Oil prices recovered slightly on Wednesday as data pointed to firm US fuel demand, providing a respite from a 5% drop a day earlier on fears that demand would be hit. due to the increase in restrictions due to COVID-19 in China and the increases in official interest rates.

US West Texas Intermediate (WTI) crude futures were up 82 cents by 0659 GMT, or 0.9%, at $92.46 a barrel, after falling $5.37 in the previous session on the back of because of recession fears.

Futures for October Brent crude, due Wednesday, were up 89 cents, or 0.9%, at $100.20 a barrel, paring Tuesday’s loss of $5.78. The November contract was up 88 cents, or 0.9%, at $98.72 a barrel.

Price swings since the Ukrainian conflict began six months ago have put hedge funds and speculators in check and reduced trading, which in turn has caused the market to wobble further, as saw Tuesday.

On Wednesday, data from the American Petroleum Institute (API) showed that gasoline inventories fell by some 3.4 million barrels, while distillate stocks, which include diesel and fuel oil planes, fell by about 1.7 million barrels in the week ending August 26 [API/S].

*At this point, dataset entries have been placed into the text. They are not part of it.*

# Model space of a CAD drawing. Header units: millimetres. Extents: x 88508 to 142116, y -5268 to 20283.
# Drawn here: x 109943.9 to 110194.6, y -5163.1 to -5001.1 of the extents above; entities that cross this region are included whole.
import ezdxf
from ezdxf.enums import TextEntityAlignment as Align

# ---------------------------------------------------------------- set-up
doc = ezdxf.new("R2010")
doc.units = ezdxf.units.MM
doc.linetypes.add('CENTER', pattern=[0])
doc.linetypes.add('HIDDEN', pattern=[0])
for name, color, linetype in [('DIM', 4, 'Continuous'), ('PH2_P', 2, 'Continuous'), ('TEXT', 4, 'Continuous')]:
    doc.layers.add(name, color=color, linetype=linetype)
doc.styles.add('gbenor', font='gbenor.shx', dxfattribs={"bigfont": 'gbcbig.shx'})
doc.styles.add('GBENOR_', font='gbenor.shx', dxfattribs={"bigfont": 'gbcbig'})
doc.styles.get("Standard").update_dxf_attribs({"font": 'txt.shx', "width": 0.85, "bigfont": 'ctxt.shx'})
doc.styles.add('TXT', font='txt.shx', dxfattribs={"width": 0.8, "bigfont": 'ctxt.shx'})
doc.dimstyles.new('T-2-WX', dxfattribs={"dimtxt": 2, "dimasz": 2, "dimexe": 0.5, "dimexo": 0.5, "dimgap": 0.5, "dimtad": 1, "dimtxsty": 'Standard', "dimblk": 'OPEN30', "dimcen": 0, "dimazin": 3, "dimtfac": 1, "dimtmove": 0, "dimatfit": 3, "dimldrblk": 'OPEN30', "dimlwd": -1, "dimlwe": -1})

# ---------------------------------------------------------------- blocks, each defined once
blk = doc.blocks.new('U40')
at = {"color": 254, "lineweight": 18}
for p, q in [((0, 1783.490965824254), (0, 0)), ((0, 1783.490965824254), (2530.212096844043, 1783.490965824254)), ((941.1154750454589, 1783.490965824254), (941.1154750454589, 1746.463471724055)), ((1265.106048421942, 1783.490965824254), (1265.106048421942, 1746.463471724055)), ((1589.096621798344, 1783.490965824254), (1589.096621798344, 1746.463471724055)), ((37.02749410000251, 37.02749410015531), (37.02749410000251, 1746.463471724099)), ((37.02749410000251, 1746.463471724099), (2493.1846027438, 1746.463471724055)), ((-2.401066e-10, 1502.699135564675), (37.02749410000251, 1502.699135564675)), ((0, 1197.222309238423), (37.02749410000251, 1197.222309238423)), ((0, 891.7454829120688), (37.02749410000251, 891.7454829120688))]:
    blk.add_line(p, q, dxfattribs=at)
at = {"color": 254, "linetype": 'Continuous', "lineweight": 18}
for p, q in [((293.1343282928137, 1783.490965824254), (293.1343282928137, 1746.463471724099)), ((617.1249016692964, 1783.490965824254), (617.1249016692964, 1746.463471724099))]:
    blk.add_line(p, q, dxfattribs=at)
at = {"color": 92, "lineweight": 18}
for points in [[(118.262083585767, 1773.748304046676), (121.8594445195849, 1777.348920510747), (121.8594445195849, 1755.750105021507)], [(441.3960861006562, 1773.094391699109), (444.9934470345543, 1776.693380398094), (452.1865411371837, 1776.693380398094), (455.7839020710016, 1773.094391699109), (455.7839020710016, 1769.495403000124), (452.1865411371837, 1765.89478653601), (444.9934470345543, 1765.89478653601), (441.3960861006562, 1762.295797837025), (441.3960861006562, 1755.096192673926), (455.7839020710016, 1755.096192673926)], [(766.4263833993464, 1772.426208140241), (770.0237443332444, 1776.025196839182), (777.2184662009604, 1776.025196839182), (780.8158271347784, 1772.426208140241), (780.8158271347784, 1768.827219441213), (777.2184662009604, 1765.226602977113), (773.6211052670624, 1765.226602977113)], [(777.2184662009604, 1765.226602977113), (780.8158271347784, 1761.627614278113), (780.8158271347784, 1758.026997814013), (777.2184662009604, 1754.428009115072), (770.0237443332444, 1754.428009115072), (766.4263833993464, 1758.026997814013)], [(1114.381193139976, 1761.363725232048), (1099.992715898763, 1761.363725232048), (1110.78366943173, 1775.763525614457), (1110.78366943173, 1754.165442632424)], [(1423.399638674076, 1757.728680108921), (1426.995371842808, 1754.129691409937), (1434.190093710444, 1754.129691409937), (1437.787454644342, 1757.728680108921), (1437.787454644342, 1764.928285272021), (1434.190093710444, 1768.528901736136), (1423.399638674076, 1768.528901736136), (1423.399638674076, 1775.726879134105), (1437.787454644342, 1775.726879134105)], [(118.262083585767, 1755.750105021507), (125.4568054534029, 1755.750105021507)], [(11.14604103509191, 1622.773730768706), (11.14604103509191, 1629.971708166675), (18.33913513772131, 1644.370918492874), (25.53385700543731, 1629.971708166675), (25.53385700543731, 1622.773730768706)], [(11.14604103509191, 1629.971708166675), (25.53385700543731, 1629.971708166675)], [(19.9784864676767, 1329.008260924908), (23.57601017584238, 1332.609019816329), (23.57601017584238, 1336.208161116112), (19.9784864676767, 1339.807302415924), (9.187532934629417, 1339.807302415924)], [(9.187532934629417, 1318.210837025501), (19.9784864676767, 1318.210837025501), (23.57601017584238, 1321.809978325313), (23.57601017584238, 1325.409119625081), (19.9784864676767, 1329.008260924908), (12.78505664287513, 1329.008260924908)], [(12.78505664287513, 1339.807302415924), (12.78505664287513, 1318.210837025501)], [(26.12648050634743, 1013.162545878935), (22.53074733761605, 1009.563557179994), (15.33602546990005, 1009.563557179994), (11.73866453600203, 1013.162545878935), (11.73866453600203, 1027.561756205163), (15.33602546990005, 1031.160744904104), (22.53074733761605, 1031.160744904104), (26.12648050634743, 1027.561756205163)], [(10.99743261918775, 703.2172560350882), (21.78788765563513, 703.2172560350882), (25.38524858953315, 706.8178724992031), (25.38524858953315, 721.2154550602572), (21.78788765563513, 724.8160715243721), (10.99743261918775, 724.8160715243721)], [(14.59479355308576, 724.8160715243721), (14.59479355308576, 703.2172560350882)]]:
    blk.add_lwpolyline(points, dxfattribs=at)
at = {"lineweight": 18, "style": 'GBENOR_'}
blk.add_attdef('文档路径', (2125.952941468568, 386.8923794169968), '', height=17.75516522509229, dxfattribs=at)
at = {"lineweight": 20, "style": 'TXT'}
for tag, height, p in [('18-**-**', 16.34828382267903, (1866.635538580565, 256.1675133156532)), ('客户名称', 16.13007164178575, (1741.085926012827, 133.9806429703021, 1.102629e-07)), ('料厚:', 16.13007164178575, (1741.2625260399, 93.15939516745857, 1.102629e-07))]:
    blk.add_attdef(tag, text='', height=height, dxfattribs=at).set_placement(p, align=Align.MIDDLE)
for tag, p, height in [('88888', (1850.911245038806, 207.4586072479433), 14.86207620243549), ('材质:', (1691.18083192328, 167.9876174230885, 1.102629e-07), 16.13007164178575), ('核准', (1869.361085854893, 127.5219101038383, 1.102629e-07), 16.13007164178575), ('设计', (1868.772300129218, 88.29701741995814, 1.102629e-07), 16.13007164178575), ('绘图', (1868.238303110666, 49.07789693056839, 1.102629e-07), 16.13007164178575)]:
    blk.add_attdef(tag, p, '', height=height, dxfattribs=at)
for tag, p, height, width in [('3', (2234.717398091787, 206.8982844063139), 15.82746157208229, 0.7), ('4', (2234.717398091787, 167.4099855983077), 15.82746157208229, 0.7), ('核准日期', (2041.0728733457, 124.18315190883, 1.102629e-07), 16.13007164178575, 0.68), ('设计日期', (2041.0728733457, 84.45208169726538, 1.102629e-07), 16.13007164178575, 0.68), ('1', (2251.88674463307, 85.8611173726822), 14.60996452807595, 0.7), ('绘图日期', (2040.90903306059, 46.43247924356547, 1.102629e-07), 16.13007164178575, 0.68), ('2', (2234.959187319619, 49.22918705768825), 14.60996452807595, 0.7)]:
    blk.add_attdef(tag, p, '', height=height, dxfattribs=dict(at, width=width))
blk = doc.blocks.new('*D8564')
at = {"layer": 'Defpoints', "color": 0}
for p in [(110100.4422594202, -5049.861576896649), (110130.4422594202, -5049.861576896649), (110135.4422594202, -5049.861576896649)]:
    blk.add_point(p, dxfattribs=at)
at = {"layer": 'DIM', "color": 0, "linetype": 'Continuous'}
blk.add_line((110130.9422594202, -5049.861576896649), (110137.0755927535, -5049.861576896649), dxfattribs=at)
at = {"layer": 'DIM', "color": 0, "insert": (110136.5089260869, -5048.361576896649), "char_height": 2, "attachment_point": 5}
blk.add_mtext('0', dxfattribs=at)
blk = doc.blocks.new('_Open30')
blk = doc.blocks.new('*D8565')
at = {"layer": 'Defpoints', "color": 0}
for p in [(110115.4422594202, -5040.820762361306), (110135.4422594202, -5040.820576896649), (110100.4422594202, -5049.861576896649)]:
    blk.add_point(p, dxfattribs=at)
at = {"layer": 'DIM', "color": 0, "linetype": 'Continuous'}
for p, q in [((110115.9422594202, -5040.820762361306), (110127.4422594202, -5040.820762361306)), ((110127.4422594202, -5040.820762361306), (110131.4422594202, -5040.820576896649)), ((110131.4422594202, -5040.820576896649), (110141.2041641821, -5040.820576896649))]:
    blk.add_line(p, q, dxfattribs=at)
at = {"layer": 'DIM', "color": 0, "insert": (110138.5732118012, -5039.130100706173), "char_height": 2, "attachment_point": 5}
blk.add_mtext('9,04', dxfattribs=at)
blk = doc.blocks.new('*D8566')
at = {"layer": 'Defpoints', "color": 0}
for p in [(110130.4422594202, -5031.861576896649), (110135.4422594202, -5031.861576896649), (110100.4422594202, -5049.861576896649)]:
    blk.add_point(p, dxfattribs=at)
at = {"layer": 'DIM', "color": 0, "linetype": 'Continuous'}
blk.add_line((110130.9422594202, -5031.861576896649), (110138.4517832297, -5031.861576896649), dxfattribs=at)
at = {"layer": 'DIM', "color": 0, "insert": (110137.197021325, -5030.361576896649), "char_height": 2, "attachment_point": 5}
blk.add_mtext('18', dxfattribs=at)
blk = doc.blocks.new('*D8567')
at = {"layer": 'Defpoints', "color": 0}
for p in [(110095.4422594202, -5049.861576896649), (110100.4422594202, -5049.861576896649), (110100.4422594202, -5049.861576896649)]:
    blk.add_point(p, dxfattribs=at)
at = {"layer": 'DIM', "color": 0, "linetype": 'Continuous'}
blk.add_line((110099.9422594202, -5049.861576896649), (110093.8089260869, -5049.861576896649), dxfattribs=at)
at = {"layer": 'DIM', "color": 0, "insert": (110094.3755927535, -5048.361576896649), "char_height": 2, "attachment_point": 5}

The drawdown in gasoline stocks was nearly triple the 1.2 million-barrel drop expected on average by eight analysts polled by GLM. As for distillate inventories, a drop of around 1 million barrels was expected.

However, API data showed crude stocks rose by about 593,000 barrels, versus analyst estimates for a drop of about 1.5 million barrels.

“Prices are also under pressure due to the aggressive stance of major central banks, concerns about slowing global growth and weakening demand from China,” said Sugandha Sachdeva, vice president of commodity research at Religare Broking.

Some of China’s biggest cities, including Shenzhen and Dalian, are imposing lockdowns and business closures to curb COVID-19 outbreaks, at a time when the world’s second-largest economy is already experiencing weak growth.

On the supply side, Iraq’s oil exports were unaffected by Baghdad’s worst outbreak of violence in years, three sources told GLM on Tuesday. The clashes subsided on Tuesday, after powerful cleric Moqtada al-Sadr ordered his supporters to end their protests against him.

The main factor supporting prices at the moment is statements by members of the Organization of the Petroleum Exporting Countries (OPEC) and their allies, collectively called OPEC+, that they may cut output to stabilize the market. The next OPEC+ meeting is scheduled for September 5.

“As for OPEC’s cuts, I don’t think anyone believes immediate cuts are going to have any major effects,” said Sukrit Vijayakar, director of energy consultancy Trifecta.

Second, since the threat of a recession seems real, investors would be willing to let Brent hover between $90 and $110 for now, he added.